Efficient Human-Robot Interaction via Deep Perception and flexible Motion Planning

Thanh Nguyen Canh; Thang Tran Viet; Son Tran Duc; Huong Nguyen The; Trang Huyen Dao; Viet-Ha Nguyen; Xiem HoangVan

Thanh Nguyen Canh Japan Advanced Institute of Science and Technology https://orcid.org/0000-0001-6332-1002
Thang Tran Viet Vietnam National University, University of Engineering and Technology
Son Tran Duc Vietnam National University, University of Engineering and Technology
Huong Nguyen The Vietnam National University, University of Engineering and Technology
Trang Huyen Dao Vietnam National University, University of Engineering and Technology
Viet-Ha Nguyen Vietnam National University, University of Engineering and Technology
Xiem HoangVan Vietnam National University, University of Engineering and Technology https://orcid.org/0000-0002-7524-6529

Keywords: Human-Robot Interaction, Action and Emotion Recognition, Deep Learning, Dual Arm Robot, obot Operating System (ROS)

Abstract

Human-Robot Interaction (HRI) is an emergent field propelled by advancements in artificial intelligence, yet achieving seamless human understanding and responsive robot control remains a significant challenge.

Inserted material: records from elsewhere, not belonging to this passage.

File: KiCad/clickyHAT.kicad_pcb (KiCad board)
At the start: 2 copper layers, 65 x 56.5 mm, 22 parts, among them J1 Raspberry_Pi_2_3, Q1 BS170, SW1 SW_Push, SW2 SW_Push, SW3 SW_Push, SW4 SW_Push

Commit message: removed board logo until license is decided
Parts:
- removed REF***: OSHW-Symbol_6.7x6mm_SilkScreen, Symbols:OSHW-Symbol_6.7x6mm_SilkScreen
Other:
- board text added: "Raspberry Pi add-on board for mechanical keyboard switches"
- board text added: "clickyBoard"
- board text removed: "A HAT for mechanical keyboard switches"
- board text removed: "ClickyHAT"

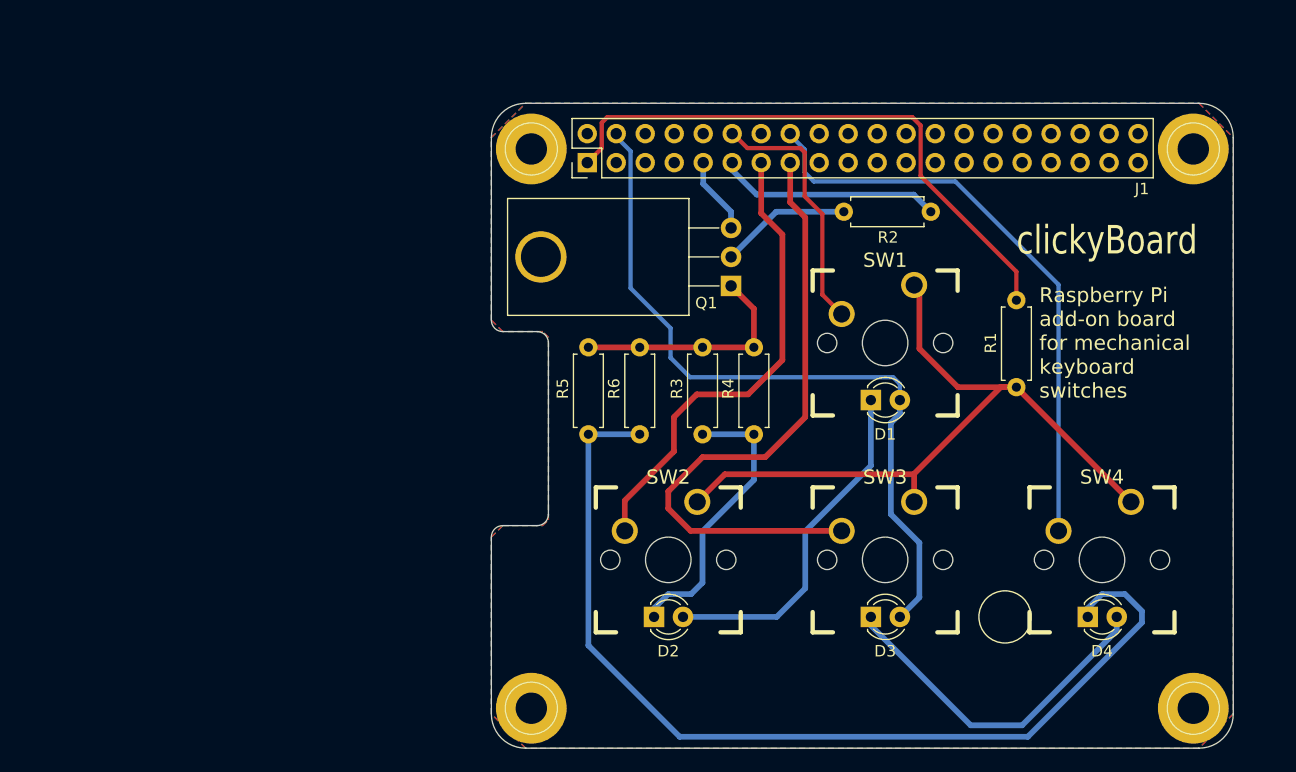
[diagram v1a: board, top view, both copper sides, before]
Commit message: Updated board design
removed copper fill, updated gerbers are included
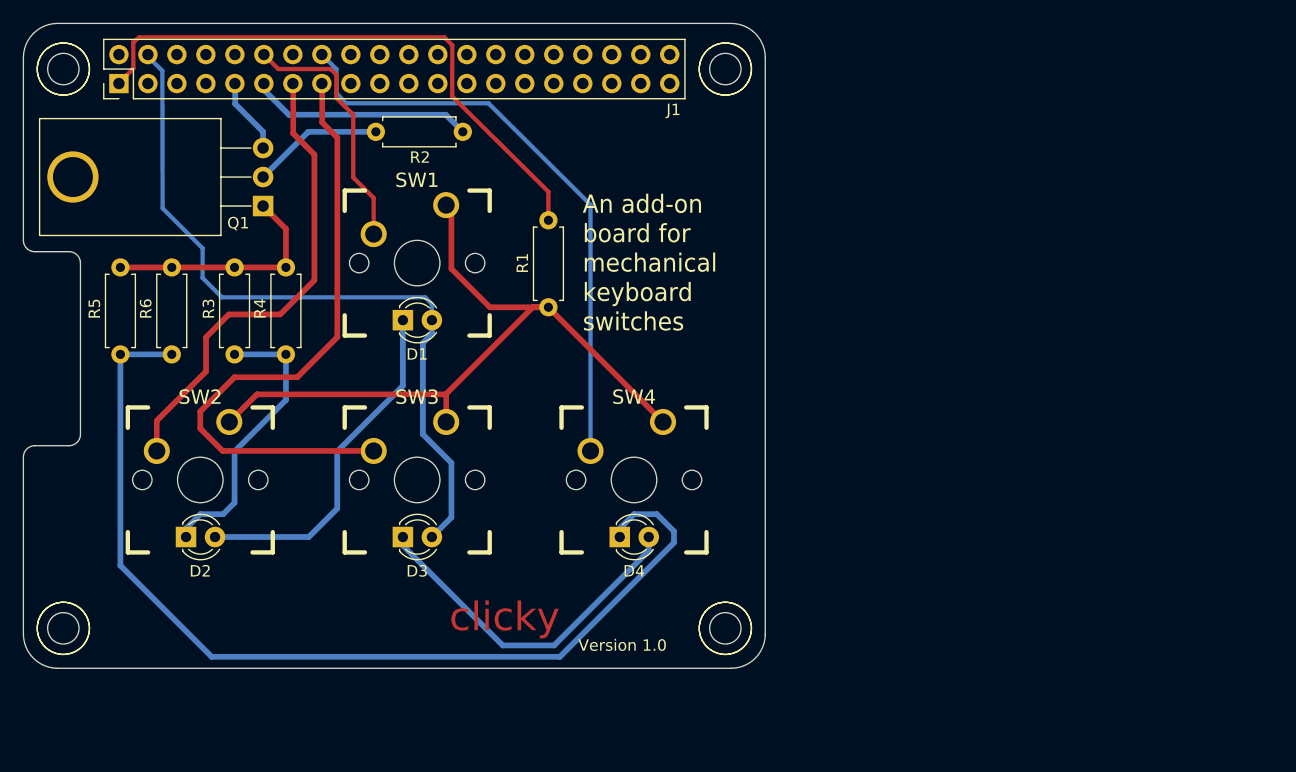
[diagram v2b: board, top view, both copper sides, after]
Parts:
- removed CAM: 1pin, Connectors:1pin
- added MNT1: 1pin, Connectors:1pin, F.Cu at (47.5, 77.0)
- added MNT3: 1pin, Connectors:1pin, F.Cu at (47.5, 126.0)
- added MNT4: 1pin, Connectors:1pin, F.Cu at (105.5, 126.0)
- added MNTB2: 1pin, Connectors:1pin, F.Cu at (105.5, 77.0)
- added REF***: OSHW-Logo_11.4x12mm_SilkScreen, Symbols:OSHW-Logo_11.4x12mm_SilkScreen, B.Cu at (100.0, 95.0)
- moved J1 41.6 mm to (52.4, 78.3)
- moved D1 41.6 mm to (77.2, 99.0)
- moved D2 41.6 mm to (58.2, 118.0)
- moved D3 41.6 mm to (77.2, 118.0)
- moved D4 41.6 mm to (96.2, 118.0)
- moved MNT2 41.6 mm to (105.5, 77.0)
- moved MNTB1 41.6 mm to (47.5, 77.0)
- moved MNTB3 41.6 mm to (47.5, 126.0)
- moved MNTB4 41.6 mm to (105.5, 126.0)
- moved Q1 41.6 mm to (65.0, 89.0)
- moved R1 41.6 mm to (90.0, 90.2)
- moved R2 41.6 mm to (82.5, 82.5)
- moved R3 41.6 mm to (62.5, 102.0)
- moved R4 41.6 mm to (67.0, 102.0)
- moved R5 41.6 mm to (52.5, 102.0)
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- renumbered MNT1 to MNTB1, MNT3 to MNTB3, MNT4 to MNTB4
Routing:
- removed copper zone on B.Cu, net (none)
- removed copper zone on F.Cu, net (none)
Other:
- net class Default: trace_width 0.25 -> 0.375
- board text added: "An add-on board for mechanical keyboard switches"
- board text added: "Board"
- board text added: "CC BY-SA 4.0"
- board text added: "Version 1.0"
- board text added: "clicky"
- board text added: "design by Jack Kelly"
- board text removed: "Raspberry Pi add-on board for mechanical keyboard switches"
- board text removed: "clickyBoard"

This paper introduces an efficient, integrated HRI system for a custom-built dual-arm robot, presenting two primary contributions. First, we propose a sophisticated perception system that leverages deep learning to interpret human states. This system employs a Multi-task Cascaded Convolutional Neural Network (MTCNN) for robust face detection, a Deep Convolutional Neural Network (DCNN) for recognizing emotions, and a Long Short-Term Memory (LSTM) network to identify dynamic gestures from image sequences. Second, we detail a flexible dual-arm robot control system built on the Robot Operating System (ROS). This control system utilizes the Rapidly-exploring Random Tree (RRT) algorithm for efficient path planning, enabling the robot to translate recognized human cues into corresponding actions. Comprehensive evaluations on benchmarks, including the WIDER FACE and FER2013 datasets, validate the perception models. The proposed system was validated through both simulation and physical experiments, demonstrating high accuracy in perception and control. The results highlight the framework’s effectiveness in creating fluid and responsive interactions for complex HRI scenarios.